Holms as caricatured by Spy (Leslie Ward) in Vanity Fair, February 1882

John Holms JP, DL (21 September 1830 – 31 March 1891), was a Scottish businessman and Liberal politician.

==Background==
Holms was the son of James Holms of Sancel Bank, Paisley, and his wife Janet Love, daughter of James Love, of Paisley. His brother William Holms was MP for Paisley.

==Career==
Holms was a partner in W. Holms Bros, spinners, of Glasgow.

He was elected member of parliament for Hackney in 1860, and served in the second Liberal administration of William Ewart Gladstone as a Junior Lord of the Treasury from 1880 to 1882 and as Parliamentary Secretary to the Board of Trade from 1882 to 1885. When Hackney was divided into single-member constituencies in 1885 John stood for the Central division. He was defeated by his Conservative opponent by 193 votes. Just a few days later he was seriously injured in an accident on the London Underground and rendered an invalid for the remainder of his life.

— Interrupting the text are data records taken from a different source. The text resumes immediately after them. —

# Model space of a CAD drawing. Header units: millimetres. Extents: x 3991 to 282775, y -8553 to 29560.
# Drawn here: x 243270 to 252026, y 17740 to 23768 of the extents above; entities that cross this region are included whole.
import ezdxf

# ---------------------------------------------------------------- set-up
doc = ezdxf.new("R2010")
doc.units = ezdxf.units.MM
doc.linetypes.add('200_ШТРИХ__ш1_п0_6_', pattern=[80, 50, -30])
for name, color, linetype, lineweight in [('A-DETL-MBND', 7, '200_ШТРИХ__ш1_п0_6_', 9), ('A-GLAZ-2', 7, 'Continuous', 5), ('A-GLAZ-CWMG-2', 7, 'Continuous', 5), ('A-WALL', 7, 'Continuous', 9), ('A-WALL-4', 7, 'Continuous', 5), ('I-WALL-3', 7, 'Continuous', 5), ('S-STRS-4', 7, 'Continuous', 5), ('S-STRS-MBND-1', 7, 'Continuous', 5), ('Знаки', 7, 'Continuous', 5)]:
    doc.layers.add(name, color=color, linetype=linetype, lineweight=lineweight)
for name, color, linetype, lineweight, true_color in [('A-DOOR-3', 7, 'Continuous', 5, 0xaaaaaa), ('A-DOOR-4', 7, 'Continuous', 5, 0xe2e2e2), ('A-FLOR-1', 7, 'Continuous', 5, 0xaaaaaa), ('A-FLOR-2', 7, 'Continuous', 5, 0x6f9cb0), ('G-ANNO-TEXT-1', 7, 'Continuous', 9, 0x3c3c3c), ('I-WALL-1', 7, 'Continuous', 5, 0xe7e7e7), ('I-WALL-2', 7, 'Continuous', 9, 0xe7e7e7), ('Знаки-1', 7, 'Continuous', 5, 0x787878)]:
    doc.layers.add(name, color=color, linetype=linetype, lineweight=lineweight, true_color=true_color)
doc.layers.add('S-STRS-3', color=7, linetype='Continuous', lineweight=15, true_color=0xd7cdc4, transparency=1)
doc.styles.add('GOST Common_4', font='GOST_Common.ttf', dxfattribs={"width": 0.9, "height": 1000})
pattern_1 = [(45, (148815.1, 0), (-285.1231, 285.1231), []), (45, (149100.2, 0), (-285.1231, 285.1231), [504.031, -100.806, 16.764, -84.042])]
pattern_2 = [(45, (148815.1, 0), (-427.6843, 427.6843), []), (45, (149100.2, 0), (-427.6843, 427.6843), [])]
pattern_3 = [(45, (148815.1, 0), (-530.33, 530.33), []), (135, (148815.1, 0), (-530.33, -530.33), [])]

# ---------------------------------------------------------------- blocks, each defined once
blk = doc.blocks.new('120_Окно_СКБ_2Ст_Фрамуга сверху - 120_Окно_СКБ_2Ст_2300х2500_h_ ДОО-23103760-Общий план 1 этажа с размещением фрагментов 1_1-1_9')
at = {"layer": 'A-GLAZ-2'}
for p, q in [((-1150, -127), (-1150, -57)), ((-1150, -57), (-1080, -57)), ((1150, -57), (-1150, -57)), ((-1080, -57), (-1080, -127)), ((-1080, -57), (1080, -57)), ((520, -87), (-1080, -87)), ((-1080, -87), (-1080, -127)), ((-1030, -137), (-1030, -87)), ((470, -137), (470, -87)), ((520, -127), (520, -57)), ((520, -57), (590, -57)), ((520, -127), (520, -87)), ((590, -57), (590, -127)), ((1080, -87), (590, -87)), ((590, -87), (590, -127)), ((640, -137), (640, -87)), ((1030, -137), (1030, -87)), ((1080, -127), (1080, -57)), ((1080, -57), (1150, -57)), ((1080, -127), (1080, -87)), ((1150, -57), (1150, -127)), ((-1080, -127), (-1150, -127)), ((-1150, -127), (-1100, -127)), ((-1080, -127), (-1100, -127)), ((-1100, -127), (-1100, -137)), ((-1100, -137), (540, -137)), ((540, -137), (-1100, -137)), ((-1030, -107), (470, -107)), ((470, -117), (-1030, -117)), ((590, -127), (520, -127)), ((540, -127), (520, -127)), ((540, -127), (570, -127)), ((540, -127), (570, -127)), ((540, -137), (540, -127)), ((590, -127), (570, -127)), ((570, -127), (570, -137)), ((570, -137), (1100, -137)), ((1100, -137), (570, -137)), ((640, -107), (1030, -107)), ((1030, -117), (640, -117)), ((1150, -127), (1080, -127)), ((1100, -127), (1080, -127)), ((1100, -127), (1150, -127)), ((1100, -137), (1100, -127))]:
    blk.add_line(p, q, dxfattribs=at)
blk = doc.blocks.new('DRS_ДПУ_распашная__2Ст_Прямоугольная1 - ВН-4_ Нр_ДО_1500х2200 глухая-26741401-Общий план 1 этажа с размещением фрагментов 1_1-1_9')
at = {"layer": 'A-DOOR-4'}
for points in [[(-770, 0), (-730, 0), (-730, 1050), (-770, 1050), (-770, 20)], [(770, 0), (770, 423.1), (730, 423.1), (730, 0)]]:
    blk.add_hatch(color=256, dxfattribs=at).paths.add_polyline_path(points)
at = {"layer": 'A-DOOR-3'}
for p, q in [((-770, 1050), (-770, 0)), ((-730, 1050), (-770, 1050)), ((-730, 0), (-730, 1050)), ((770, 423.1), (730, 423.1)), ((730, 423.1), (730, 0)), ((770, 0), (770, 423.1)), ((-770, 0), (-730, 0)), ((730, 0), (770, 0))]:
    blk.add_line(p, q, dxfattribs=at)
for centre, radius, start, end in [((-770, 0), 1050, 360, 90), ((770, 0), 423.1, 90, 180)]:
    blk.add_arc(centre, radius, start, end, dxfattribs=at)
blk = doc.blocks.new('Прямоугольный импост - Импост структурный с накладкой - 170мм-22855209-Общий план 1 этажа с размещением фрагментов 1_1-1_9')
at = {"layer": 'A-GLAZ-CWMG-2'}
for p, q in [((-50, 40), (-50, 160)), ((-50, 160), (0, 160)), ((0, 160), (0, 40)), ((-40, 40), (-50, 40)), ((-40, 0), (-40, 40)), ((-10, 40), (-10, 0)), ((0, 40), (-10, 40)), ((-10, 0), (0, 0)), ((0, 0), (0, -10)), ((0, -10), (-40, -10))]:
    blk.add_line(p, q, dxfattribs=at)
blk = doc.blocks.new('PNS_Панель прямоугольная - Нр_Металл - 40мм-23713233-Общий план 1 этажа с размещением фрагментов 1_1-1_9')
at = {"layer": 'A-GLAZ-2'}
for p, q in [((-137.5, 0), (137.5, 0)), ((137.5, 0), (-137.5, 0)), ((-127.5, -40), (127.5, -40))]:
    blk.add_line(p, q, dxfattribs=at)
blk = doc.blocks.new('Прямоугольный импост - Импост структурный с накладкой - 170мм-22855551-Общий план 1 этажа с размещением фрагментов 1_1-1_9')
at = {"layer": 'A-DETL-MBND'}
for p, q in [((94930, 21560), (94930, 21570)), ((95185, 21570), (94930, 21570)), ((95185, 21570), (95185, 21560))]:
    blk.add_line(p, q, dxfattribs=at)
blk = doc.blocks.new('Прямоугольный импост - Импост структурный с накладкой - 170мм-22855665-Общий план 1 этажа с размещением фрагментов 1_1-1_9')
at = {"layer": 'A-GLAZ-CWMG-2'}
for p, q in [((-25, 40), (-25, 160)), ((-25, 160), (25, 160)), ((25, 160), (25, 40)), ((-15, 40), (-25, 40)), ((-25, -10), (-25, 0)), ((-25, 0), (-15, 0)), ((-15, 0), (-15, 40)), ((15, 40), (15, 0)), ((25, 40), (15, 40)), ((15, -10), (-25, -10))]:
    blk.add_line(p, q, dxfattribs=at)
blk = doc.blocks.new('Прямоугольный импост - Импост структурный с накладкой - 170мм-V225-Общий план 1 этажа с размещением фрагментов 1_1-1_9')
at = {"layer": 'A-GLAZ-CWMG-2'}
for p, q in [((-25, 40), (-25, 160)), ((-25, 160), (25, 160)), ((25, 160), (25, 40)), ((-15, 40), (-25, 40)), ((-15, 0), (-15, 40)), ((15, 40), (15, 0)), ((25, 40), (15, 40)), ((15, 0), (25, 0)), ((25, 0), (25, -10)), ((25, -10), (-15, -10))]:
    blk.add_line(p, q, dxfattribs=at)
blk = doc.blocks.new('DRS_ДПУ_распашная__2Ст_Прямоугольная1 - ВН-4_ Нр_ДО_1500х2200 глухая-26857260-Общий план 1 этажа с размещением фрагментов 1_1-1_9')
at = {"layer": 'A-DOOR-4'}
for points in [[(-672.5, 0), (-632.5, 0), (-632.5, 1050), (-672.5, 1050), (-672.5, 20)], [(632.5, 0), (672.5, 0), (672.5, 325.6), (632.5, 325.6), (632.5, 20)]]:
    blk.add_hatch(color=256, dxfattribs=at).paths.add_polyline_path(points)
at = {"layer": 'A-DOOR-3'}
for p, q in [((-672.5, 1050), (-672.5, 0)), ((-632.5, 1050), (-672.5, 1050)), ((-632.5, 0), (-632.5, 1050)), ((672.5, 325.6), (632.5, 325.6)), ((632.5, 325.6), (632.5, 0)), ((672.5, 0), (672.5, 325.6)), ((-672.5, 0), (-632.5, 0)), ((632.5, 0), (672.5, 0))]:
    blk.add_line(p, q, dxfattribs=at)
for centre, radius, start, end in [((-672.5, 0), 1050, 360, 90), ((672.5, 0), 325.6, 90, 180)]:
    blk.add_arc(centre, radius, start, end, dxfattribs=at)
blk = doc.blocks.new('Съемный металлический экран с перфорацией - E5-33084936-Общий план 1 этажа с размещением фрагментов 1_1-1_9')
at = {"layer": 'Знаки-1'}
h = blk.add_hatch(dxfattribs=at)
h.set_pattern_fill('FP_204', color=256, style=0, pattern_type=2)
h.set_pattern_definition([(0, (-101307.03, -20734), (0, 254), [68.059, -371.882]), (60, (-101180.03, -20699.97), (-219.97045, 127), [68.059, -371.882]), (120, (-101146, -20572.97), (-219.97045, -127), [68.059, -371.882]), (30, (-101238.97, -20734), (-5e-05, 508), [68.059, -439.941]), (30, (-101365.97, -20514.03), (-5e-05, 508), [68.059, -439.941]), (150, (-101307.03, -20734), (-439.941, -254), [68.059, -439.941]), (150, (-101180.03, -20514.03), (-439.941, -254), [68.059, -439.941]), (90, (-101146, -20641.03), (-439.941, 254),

He was also a justice of the peace for Lanarkshire, Middlesex and Westminster and a deputy lieutenant for Tower Hamlets. He was the author of military books including The British Army in 1875 and Our Military Difficulty.

==Personal life==
Holms married Elizabeth Lyon, daughter of Edward Lyon of Kennington in 1856. He died in March 1891, aged 60.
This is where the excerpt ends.